Data extract:
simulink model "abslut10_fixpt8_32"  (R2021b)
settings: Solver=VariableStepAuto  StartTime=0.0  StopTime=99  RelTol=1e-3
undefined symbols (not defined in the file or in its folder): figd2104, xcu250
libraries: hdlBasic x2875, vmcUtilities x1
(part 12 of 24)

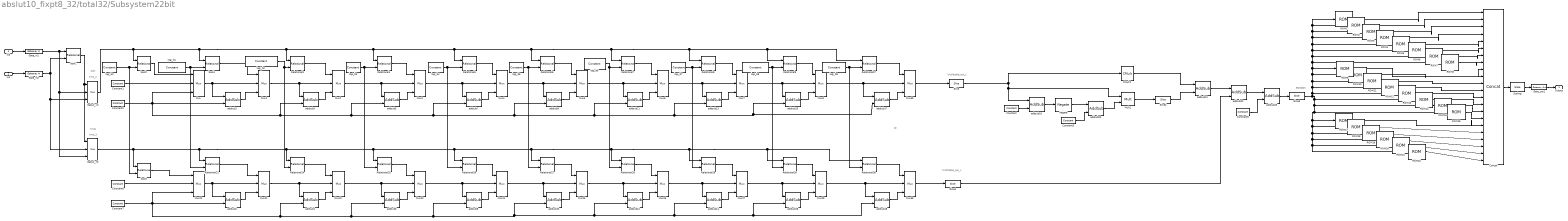
== system abslut10_fixpt8_32/total32/Subsystem22bit ==
  note: 10
  note: tiisai
  note: ooki
  note: 55no6bit
  note: tmp_2
  note: tmp_3
  note: truthtable_out_x
  note: truthtable_out_y
  In3 : Inport
  In4 : Inport  Port=2
  CMult1 : hdlBasic/CMult  const=10  gui_display_data_type=Fixed-point  const_n_bits=4  const_bin_pt=0  float_type=Single  exp_bits=8  fraction_bits=24  en=off  latency=0  precision=Full  arith_type="Signed  (2's comp)"  n_bits=16  bin_pt=14  quantization=Truncate  overflow=Wrap  use_behavioral_HDL=off  mem_type=Distributed RAM  pipeline=off  XmcBlockStatus=1  maskContainerNames=tabcontainer1  block_type=cmult  block_config=sysgen:CMult_config
      settings: infoedit=[]
  Concat : hdlBasic/Concat  num_inputs=22  XmcBlockStatus=1  maskContainerNames=group1  block_type=concat  block_config=sysgen:Concat_config
  Constant : hdlBasic/Constant  const=1.0  gui_display_data_type=Fixed-point  arith_type=Unsigned  n_bits=1  bin_pt=0  preci_type=Single  exp_width=8  frac_width=24  explicit_period=on  period=1  XmcBlockStatus=1  maskContainerNames=tabcontainer1  block_type=constant  block_config=sysgen:Constant_config
  Constant1 : hdlBasic/Constant  const=0  gui_display_data_type=Fixed-point  arith_type=Unsigned  n_bits=4  bin_pt=0  preci_type=Single  exp_width=8  frac_width=24  explicit_period=on  period=1  XmcBlockStatus=1  maskContainerNames=tabcontainer1  block_type=constant  block_config=sysgen:Constant_config
  Constant2 : hdlBasic/Constant  const=1  gui_display_data_type=Fixed-point  arith_type=Unsigned  n_bits=4  bin_pt=0  preci_type=Single  exp_width=8  frac_width=24  explicit_period=on  period=1  XmcBlockStatus=1  maskContainerNames=tabcontainer1  block_type=constant  block_config=sysgen:Constant_config
  Constant3 : hdlBasic/Constant  const=18  gui_display_data_type=Fixed-point  arith_type=Unsigned  n_bits=6  bin_pt=0  preci_type=Single  exp_width=8  frac_width=24  explicit_period=on  period=1  XmcBlockStatus=1  maskContainerNames=tabcontainer1  block_type=constant  block_config=sysgen:Constant_config
  Constant5 : hdlBasic/Constant  const=1.0  gui_display_data_type=Fixed-point  arith_type=Unsigned  n_bits=10  bin_pt=0  preci_type=Single  exp_width=8  frac_width=24  explicit_period=on  period=1  XmcBlockStatus=1  maskContainerNames=tabcontainer1  block_type=constant  block_config=sysgen:Constant_config
  Constant6 : hdlBasic/Constant  const=0  gui_display_data_type=Fixed-point  arith_type=Unsigned  n_bits=4  bin_pt=0  preci_type=Single  exp_width=8  frac_width=24  explicit_period=on  period=1  XmcBlockStatus=1  maskContainerNames=tabcontainer1  block_type=constant  block_config=sysgen:Constant_config
  Constant7 : hdlBasic/Constant  const=1  gui_display_data_type=Fixed-point  arith_type=Unsigned  n_bits=4  bin_pt=0  preci_type=Single  exp_width=8  frac_width=24  explicit_period=on  period=1  XmcBlockStatus=1  maskContainerNames=tabcontainer1  block_type=constant  block_config=sysgen:Constant_config
  Gate_In1 : hdlBasic/Gateway In  gui_display_data_type=Fixed-point  arith_type=Signed (2's comp)  n_bits=22  bin_pt=20  preci_type=Double  exp_width=8  frac_width=24  rows=1  columns=1  quantization="Round  (unbiased: +/- Inf)"  overflow=Saturate  period=1  UseAsADC=off  ADCChannel='1'  interface=None  automatic_assignment=on  address_offset=hex2dec('00')  intf_name=''  intf_description=''  default_value=0  timing_constraint=None  locs_specified=off  LOCs={}  io_standard={}  inherit_from_input=off  hdl_port=on  XmcBlockStatus=1  maskContainerNames=group4  block_type=gatewayin  block_config=sysgen:gateway_in_config  block_width_w=590  block_height_w=620  block_width=640  block_height=850
  Gate_In2 : hdlBasic/Gateway In  gui_display_data_type=Fixed-point  arith_type=Signed (2's comp)  n_bits=22  bin_pt=20  preci_type=Double  exp_width=8  frac_width=24  rows=1  columns=1  quantization="Round  (unbiased: +/- Inf)"  overflow=Saturate  period=1  UseAsADC=off  ADCChannel='1'  interface=None  automatic_assignment=on  address_offset=hex2dec('00')  intf_name=''  intf_description=''  default_value=0  timing_constraint=None  locs_specified=off  LOCs={}  io_standard={}  inherit_from_input=off  hdl_port=on  XmcBlockStatus=1  maskContainerNames=group4  block_type=gatewayin  block_config=sysgen:gateway_in_config  block_width_w=590  block_height_w=620  block_width=640  block_height=850
  Gate_out1 : hdlBasic/Gateway Out  inherit_from_input=off  hdl_port=on  rows=1  columns=1  UseAsDAC=off  DACChannel='1'  interface=None  automatic_assignment=on  address_offset=hex2dec('00')  intf_name=''  intf_description=''  timing_constraint=None  locs_specified=off  LOCs={}  io_standard={}  XmcBlockStatus=1  maskContainerNames=group4  block_type=gatewayout  block_config=sysgen:gateway_out_config  block_width_w=590  block_height_w=620  block_width=620  block_height=750
  Mult1 : hdlBasic/Mult  precision=Full  arith_type="Signed  (2's comp)"  n_bits=30  bin_pt=16  quantization="Round  (unbiased: +/- Inf)"  overflow=Saturate  en=off  latency=0  use_behavioral_HDL=off  opt=Area  use_embedded=off  optimum_pipeline=off  pipeline=on  use_rpm=on  placement_style=Triangular  XmcBlockStatus=1  maskContainerNames=group1  block_type=mult  block_config=sysgen:Mult_config
  Mux{,1..8,20..28,38..39} (20 alike) : hdlBasic/Mux  inputs=2  en=off  latency=0  precision=Full  arith_type=Unsigned  n_bits=16  bin_pt=14  quantization=Truncate  overflow=Wrap  XmcBlockStatus=1  maskContainerNames=tabcontainer1  block_type=mux  block_config=sysgen:Mux_config
  Negate : hdlBasic/Negate  precision=Full  arith_type=Unsigned  n_bits=16  bin_pt=14  quantization=Truncate  overflow=Wrap  en=off  latency=0  XmcBlockStatus=1  maskContainerNames=tabcontainer1  block_type=negate  block_config=sysgen:Negate_config
  ROM1 : hdlBasic/ROM  depth=55  initVector=[1,1,1,1,0,0,1,0,0,0,1,0,0,0,0,1,0,0,0,0,0,1,0,0,0,0,0,0,1,0,0,0,0,0,0,0,1,1,0,0,0,0,0,0,1,1,1,1,1,1,1,1,1,1,1]  distributed_mem=Distributed memory  rst=off  init_reg=0  en=off  latency=0  gui_display_data_type=Boolean  arith_type=Boolean  n_bits=2  bin_pt=0  preci_type=Double  exp_width=8  frac_width=24  optimize=Speed  use_rpm=on  simulation_type=fast_sim  XmcBlockStatus=1  maskContainerNames=tabcontainer1  block_type=sprom  block_config=sysgen:SPROM_config
  ROM10 : hdlBasic/ROM  depth=55  initVector=[0,0,1,1,1,0,1,1,1,1,1,0,0,1,0,1,0,0,1,0,0,1,1,1,1,1,1,1,1,1,0,1,0,0,1,0,0,1,1,1,0,0,1,1,1,0,0,1,1,1,1,1,1,0,0]  distributed_mem=Distributed memory  rst=off  init_reg=0  en=off  latency=0  gui_display_data_type=Boolean  arith_type=Boolean  n_bits=2  bin_pt=0  preci_type=Double  exp_width=8  frac_width=24  optimize=Speed  use_rpm=on  simulation_type=fast_sim  XmcBlockStatus=1  maskContainerNames=tabcontainer1  block_type=sprom  block_config=sysgen:SPROM_config
  ROM11 : hdlBasic/ROM  depth=55  initVector=[0,1,0,1,0,0,1,0,1,0,0,0,0,1,0,0,0,0,1,0,0,1,0,1,0,1,1,0,1,0,0,1,0,0,1,0,1,0,0,0,0,0,0,0,0,0,1,1,1,0,0,1,1,1,0]  distributed_mem=Distributed memory  rst=off  init_reg=0  en=off  latency=0  gui_display_data_type=Boolean  arith_type=Boolean  n_bits=2  bin_pt=0  preci_type=Double  exp_width=8  frac_width=24  optimize=Speed  use_rpm=on  simulation_type=fast_sim  XmcBlockStatus=1  maskContainerNames=tabcontainer1  block_type=sprom  block_config=sysgen:SPROM_config
  ROM12 : hdlBasic/ROM  depth=55  initVector=[0,0,0,0,1,1,0,1,0,1,0,1,0,1,1,0,1,0,1,1,1,0,1,0,1,1,1,1,0,1,1,0,0,0,0,1,0,0,1,1,1,1,1,1,0,0,0,0,0,0,0,0,0,0,0]  distributed_mem=Distributed memory  rst=off  init_reg=0  en=off  latency=0  gui_display_data_type=Boolean  arith_type=Boolean  n_bits=2  bin_pt=0  preci_type=Double  exp_width=8  frac_width=24  optimize=Speed  use_rpm=on  simulation_type=fast_sim  XmcBlockStatus=1  maskContainerNames=tabcontainer1  block_type=sprom  block_config=sysgen:SPROM_config
  ROM13 : hdlBasic/ROM  depth=55  initVector=[0,1,1,1,1,0,1,0,1,0,1,0,0,1,1,1,0,0,1,1,1,1,0,1,0,1,1,0,1,1,0,1,0,0,1,0,1,1,1,0,0,0,0,1,1,0,1,1,1,1,1,1,1,1,0]  distributed_mem=Distributed memory  rst=off  init_reg=0  en=off  latency=0  gui_display_data_type=Boolean  arith_type=Boolean  n_bits=2  bin_pt=0  preci_type=Double  exp_width=8  frac_width=24  optimize=Speed  use_rpm=on  simulation_type=fast_sim  XmcBlockStatus=1  maskContainerNames=tabcontainer1  block_type=sprom  block_config=sysgen:SPROM_config
  ROM14 : hdlBasic/ROM  depth=55  initVector=[1,0,0,1,0,0,1,0,1,1,0,0,1,0,1,0,0,1,0,1,1,1,0,1,1,0,0,1,1,0,0,1,1,1,1,0,0,0,0,0,0,0,0,0,0,1,0,1,1,0,0,1,1,0,1]  distributed_mem=Distributed memory  rst=off  init_reg=0  en=off  latency=0  gui_display_data_type=Boolean  arith_type=Boolean  n_bits=2  bin_pt=0  preci_type=Double  exp_width=8  frac_width=24  optimize=Speed  use_rpm=on  simulation_type=fast_sim  XmcBlockStatus=1  maskContainerNames=tabcontainer1  block_type=sprom  block_config=sysgen:SPROM_config
  ROM15 : hdlBasic/ROM  depth=55  initVector=[0,0,1,0,0,0,0,0,0,1,0,0,0,0,0,0,0,0,0,0,0,0,0,0,1,0,0,1,0,0,0,0,0,0,0,0,0,1,0,0,0,0,0,0,1,0,0,0,0,0,0,0,0,0,0]  distributed_mem=Distributed memory  rst=off  init_reg=0  en=off  latency=0  gui_display_data_type=Boolean  arith_type=Boolean  n_bits=2  bin_pt=0  preci_type=Double  exp_width=8  frac_width=24  optimize=Speed  use_rpm=on  simulation_type=fast_sim  XmcBlockStatus=1  maskContainerNames=tabcontainer1  block_type=sprom  block_config=sysgen:SPROM_config
  ROM16 : hdlBasic/ROM  depth=55  initVector=[0,0,0,1,0,0,0,0,1,0,1,0,0,1,0,1,0,0,1,0,0,0,0,1,0,1,1,0,1,0,0,1,0,0,1,0,0,0,0,0,0,0,0,0,0,0,0,1,0,1,1,0,1,0,0]  distributed_mem=Distributed memory  rst=off  init_reg=0  en=off  latency=0  gui_display_data_type=Boolean  arith_type=Boolean  n_bits=2  bin_pt=0  preci_type=Double  exp_width=8  frac_width=24  optimize=Speed  use_rpm=on  simulation_type=fast_sim  XmcBlockStatus=1  maskContainerNames=tabcontainer1  block_type=sprom  block_config=sysgen:SPROM_config
  ROM17 : hdlBasic/ROM  depth=55  initVector=[1,1,1,0,0,1,1,0,1,1,1,1,1,1,1,1,1,1,1,1,1,1,0,1,1,1,1,1,0,0,1,1,1,1,1,1,1,1,0,0,1,1,0,0,1,1,1,0,1,1,1,1,0,1,1]  distributed_mem=Distributed memory  rst=off  init_reg=0  en=off  latency=0  gui_display_data_type=Boolean  arith_type=Boolean  n_bits=2  bin_pt=0  preci_type=Double  exp_width=8  frac_width=24  optimize=Speed  use_rpm=on  simulation_type=fast_sim  XmcBlockStatus=1  maskContainerNames=tabcontainer1  block_type=sprom  block_config=sysgen:SPROM_config
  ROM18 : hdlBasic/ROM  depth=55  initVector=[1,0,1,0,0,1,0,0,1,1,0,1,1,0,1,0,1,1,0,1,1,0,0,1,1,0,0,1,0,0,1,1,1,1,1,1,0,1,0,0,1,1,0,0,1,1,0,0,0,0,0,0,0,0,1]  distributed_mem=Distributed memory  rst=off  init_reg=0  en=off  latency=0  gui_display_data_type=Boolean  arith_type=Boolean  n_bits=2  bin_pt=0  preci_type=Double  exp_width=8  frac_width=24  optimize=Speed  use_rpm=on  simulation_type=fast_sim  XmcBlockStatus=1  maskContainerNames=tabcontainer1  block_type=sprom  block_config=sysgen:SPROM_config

Instructions for the task: In the records above, find each line holding "settings" and copy it.

Response to this task:
settings: Solver=VariableStepAuto  StartTime=0.0  StopTime=99  RelTol=1e-3
      settings: infoedit=[]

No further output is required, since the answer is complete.